---------- DATA
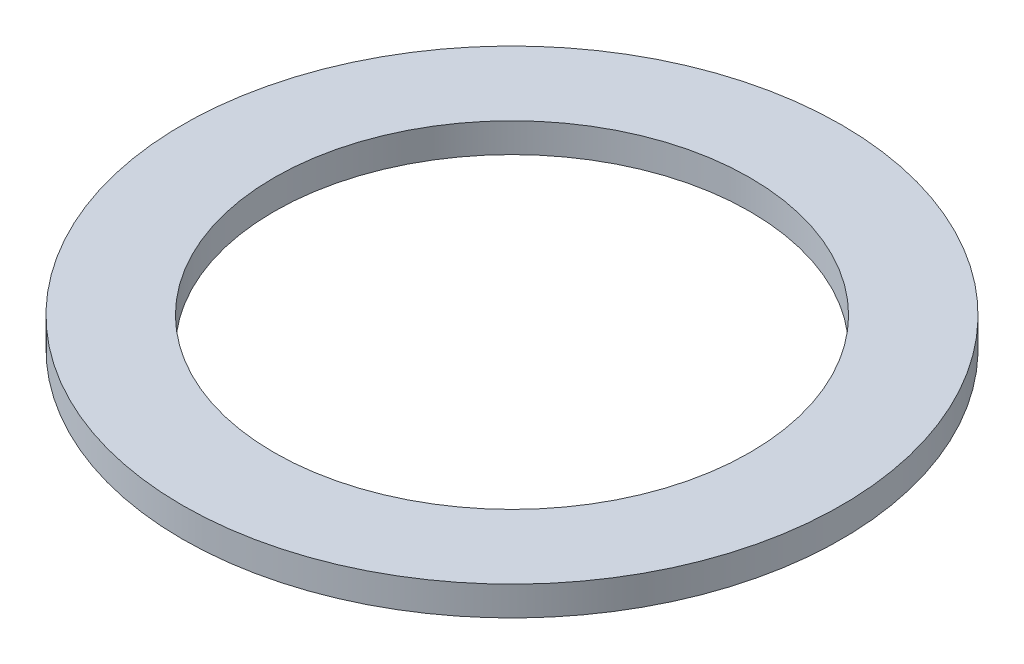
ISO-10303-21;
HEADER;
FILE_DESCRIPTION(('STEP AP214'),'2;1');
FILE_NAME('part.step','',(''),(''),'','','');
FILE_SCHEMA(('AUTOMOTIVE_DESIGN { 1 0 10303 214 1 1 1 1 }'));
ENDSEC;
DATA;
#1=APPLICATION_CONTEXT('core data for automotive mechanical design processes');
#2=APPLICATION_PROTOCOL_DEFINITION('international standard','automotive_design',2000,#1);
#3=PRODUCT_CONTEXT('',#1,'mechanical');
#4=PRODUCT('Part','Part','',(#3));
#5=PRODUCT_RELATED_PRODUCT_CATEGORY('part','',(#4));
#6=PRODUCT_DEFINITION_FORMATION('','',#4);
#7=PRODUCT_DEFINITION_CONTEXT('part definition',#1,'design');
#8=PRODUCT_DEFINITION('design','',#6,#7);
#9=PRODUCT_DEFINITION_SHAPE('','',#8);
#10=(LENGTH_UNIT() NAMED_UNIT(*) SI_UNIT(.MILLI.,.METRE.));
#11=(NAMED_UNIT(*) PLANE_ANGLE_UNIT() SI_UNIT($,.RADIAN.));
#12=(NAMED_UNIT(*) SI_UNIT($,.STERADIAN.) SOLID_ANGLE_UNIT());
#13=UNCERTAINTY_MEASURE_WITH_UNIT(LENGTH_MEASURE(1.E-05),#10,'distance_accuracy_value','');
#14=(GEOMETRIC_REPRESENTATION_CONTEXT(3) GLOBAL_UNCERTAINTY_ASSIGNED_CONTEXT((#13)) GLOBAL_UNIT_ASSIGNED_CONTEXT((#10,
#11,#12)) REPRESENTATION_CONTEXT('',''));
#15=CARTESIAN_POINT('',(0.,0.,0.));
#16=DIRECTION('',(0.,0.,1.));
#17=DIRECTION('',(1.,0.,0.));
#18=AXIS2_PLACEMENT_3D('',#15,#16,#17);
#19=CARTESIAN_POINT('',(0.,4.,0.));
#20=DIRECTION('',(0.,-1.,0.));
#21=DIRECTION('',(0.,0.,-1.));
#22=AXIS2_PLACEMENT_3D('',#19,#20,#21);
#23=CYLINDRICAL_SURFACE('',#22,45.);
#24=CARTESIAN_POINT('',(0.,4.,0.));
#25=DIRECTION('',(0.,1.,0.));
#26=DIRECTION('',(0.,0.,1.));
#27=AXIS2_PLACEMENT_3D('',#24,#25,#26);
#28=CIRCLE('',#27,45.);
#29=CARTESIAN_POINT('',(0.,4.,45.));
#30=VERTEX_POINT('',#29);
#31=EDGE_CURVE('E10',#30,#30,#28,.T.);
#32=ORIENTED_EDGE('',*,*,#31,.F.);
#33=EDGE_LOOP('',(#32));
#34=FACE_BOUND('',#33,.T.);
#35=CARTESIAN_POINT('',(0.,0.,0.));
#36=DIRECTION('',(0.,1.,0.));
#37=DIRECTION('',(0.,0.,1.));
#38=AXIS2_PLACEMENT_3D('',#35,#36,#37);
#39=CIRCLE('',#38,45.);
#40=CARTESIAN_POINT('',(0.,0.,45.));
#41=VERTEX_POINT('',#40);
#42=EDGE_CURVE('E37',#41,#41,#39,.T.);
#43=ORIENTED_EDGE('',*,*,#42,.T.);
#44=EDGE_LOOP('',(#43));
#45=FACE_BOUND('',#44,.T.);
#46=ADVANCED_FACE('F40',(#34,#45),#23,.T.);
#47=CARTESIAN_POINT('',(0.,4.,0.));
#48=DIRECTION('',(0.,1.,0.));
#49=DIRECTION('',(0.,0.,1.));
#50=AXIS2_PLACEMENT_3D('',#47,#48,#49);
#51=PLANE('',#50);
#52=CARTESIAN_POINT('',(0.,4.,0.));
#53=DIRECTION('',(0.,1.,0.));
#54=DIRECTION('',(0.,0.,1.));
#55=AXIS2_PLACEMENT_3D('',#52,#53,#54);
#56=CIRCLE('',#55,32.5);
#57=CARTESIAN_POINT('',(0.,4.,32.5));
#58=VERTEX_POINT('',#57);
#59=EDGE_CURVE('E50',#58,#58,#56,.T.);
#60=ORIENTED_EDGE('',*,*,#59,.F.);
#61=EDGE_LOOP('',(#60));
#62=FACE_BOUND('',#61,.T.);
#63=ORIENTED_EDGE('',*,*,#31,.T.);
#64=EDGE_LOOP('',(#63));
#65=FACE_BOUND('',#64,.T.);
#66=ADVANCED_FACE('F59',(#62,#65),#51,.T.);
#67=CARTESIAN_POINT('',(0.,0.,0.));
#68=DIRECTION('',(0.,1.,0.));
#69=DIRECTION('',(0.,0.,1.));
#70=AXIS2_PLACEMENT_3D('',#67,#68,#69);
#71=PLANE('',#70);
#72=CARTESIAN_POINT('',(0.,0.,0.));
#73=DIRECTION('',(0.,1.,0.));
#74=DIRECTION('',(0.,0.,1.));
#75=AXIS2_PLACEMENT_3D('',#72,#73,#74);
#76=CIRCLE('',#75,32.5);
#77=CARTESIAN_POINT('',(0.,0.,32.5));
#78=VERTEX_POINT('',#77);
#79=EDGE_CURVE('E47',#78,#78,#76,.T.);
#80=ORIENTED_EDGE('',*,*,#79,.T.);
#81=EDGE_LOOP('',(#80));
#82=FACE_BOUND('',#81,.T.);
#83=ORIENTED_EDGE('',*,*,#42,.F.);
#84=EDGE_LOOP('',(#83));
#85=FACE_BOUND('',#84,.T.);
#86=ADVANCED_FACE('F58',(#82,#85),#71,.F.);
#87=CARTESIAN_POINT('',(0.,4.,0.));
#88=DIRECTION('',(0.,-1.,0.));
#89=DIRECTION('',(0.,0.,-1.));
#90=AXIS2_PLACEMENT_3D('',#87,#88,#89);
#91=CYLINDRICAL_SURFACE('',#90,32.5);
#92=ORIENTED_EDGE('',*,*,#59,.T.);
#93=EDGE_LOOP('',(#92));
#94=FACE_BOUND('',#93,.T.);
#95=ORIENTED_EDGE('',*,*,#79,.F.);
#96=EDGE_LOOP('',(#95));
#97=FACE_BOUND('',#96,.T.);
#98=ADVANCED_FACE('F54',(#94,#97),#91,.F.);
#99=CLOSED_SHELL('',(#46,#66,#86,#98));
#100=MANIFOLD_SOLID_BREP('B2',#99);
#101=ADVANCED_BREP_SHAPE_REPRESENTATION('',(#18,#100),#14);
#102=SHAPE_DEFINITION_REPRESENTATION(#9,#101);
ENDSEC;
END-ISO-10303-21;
--------------------
# WORK INSTRUCTION:
Keep the pictures out, and write out the rest of the data above word for word.

# EXERCISE RESPONSE:
ISO-10303-21;
HEADER;
FILE_DESCRIPTION(('STEP AP214'),'2;1');
FILE_NAME('part.step','',(''),(''),'','','');
FILE_SCHEMA(('AUTOMOTIVE_DESIGN { 1 0 10303 214 1 1 1 1 }'));
ENDSEC;
DATA;
#1=APPLICATION_CONTEXT('core data for automotive mechanical design processes');
#2=APPLICATION_PROTOCOL_DEFINITION('international standard','automotive_design',2000,#1);
#3=PRODUCT_CONTEXT('',#1,'mechanical');
#4=PRODUCT('Part','Part','',(#3));
#5=PRODUCT_RELATED_PRODUCT_CATEGORY('part','',(#4));
#6=PRODUCT_DEFINITION_FORMATION('','',#4);
#7=PRODUCT_DEFINITION_CONTEXT('part definition',#1,'design');
#8=PRODUCT_DEFINITION('design','',#6,#7);
#9=PRODUCT_DEFINITION_SHAPE('','',#8);
#10=(LENGTH_UNIT() NAMED_UNIT(*) SI_UNIT(.MILLI.,.METRE.));
#11=(NAMED_UNIT(*) PLANE_ANGLE_UNIT() SI_UNIT($,.RADIAN.));
#12=(NAMED_UNIT(*) SI_UNIT($,.STERADIAN.) SOLID_ANGLE_UNIT());
#13=UNCERTAINTY_MEASURE_WITH_UNIT(LENGTH_MEASURE(1.E-05),#10,'distance_accuracy_value','');
#14=(GEOMETRIC_REPRESENTATION_CONTEXT(3) GLOBAL_UNCERTAINTY_ASSIGNED_CONTEXT((#13)) GLOBAL_UNIT_ASSIGNED_CONTEXT((#10,
#11,#12)) REPRESENTATION_CONTEXT('',''));
#15=CARTESIAN_POINT('',(0.,0.,0.));
#16=DIRECTION('',(0.,0.,1.));
#17=DIRECTION('',(1.,0.,0.));
#18=AXIS2_PLACEMENT_3D('',#15,#16,#17);
#19=CARTESIAN_POINT('',(0.,4.,0.));
#20=DIRECTION('',(0.,-1.,0.));
#21=DIRECTION('',(0.,0.,-1.));
#22=AXIS2_PLACEMENT_3D('',#19,#20,#21);
#23=CYLINDRICAL_SURFACE('',#22,45.);
#24=CARTESIAN_POINT('',(0.,4.,0.));
#25=DIRECTION('',(0.,1.,0.));
#26=DIRECTION('',(0.,0.,1.));
#27=AXIS2_PLACEMENT_3D('',#24,#25,#26);
#28=CIRCLE('',#27,45.);
#29=CARTESIAN_POINT('',(0.,4.,45.));
#30=VERTEX_POINT('',#29);
#31=EDGE_CURVE('E10',#30,#30,#28,.T.);
#32=ORIENTED_EDGE('',*,*,#31,.F.);
#33=EDGE_LOOP('',(#32));
#34=FACE_BOUND('',#33,.T.);
#35=CARTESIAN_POINT('',(0.,0.,0.));
#36=DIRECTION('',(0.,1.,0.));
#37=DIRECTION('',(0.,0.,1.));
#38=AXIS2_PLACEMENT_3D('',#35,#36,#37);
#39=CIRCLE('',#38,45.);
#40=CARTESIAN_POINT('',(0.,0.,45.));
#41=VERTEX_POINT('',#40);
#42=EDGE_CURVE('E37',#41,#41,#39,.T.);
#43=ORIENTED_EDGE('',*,*,#42,.T.);
#44=EDGE_LOOP('',(#43));
#45=FACE_BOUND('',#44,.T.);
#46=ADVANCED_FACE('F40',(#34,#45),#23,.T.);
#47=CARTESIAN_POINT('',(0.,4.,0.));
#48=DIRECTION('',(0.,1.,0.));
#49=DIRECTION('',(0.,0.,1.));
#50=AXIS2_PLACEMENT_3D('',#47,#48,#49);
#51=PLANE('',#50);
#52=CARTESIAN_POINT('',(0.,4.,0.));
#53=DIRECTION('',(0.,1.,0.));
#54=DIRECTION('',(0.,0.,1.));
#55=AXIS2_PLACEMENT_3D('',#52,#53,#54);
#56=CIRCLE('',#55,32.5);
#57=CARTESIAN_POINT('',(0.,4.,32.5));
#58=VERTEX_POINT('',#57);
#59=EDGE_CURVE('E50',#58,#58,#56,.T.);
#60=ORIENTED_EDGE('',*,*,#59,.F.);
#61=EDGE_LOOP('',(#60));
#62=FACE_BOUND('',#61,.T.);
#63=ORIENTED_EDGE('',*,*,#31,.T.);
#64=EDGE_LOOP('',(#63));
#65=FACE_BOUND('',#64,.T.);
#66=ADVANCED_FACE('F59',(#62,#65),#51,.T.);
#67=CARTESIAN_POINT('',(0.,0.,0.));
#68=DIRECTION('',(0.,1.,0.));
#69=DIRECTION('',(0.,0.,1.));
#70=AXIS2_PLACEMENT_3D('',#67,#68,#69);
#71=PLANE('',#70);
#72=CARTESIAN_POINT('',(0.,0.,0.));
#73=DIRECTION('',(0.,1.,0.));
#74=DIRECTION('',(0.,0.,1.));
#75=AXIS2_PLACEMENT_3D('',#72,#73,#74);
#76=CIRCLE('',#75,32.5);
#77=CARTESIAN_POINT('',(0.,0.,32.5));
#78=VERTEX_POINT('',#77);
#79=EDGE_CURVE('E47',#78,#78,#76,.T.);
#80=ORIENTED_EDGE('',*,*,#79,.T.);
#81=EDGE_LOOP('',(#80));
#82=FACE_BOUND('',#81,.T.);
#83=ORIENTED_EDGE('',*,*,#42,.F.);
#84=EDGE_LOOP('',(#83));
#85=FACE_BOUND('',#84,.T.);
#86=ADVANCED_FACE('F58',(#82,#85),#71,.F.);
#87=CARTESIAN_POINT('',(0.,4.,0.));
#88=DIRECTION('',(0.,-1.,0.));
#89=DIRECTION('',(0.,0.,-1.));
#90=AXIS2_PLACEMENT_3D('',#87,#88,#89);
#91=CYLINDRICAL_SURFACE('',#90,32.5);
#92=ORIENTED_EDGE('',*,*,#59,.T.);
#93=EDGE_LOOP('',(#92));
#94=FACE_BOUND('',#93,.T.);
#95=ORIENTED_EDGE('',*,*,#79,.F.);
#96=EDGE_LOOP('',(#95));
#97=FACE_BOUND('',#96,.T.);
#98=ADVANCED_FACE('F54',(#94,#97),#91,.F.);
#99=CLOSED_SHELL('',(#46,#66,#86,#98));
#100=MANIFOLD_SOLID_BREP('B2',#99);
#101=ADVANCED_BREP_SHAPE_REPRESENTATION('',(#18,#100),#14);
#102=SHAPE_DEFINITION_REPRESENTATION(#9,#101);
ENDSEC;
END-ISO-10303-21;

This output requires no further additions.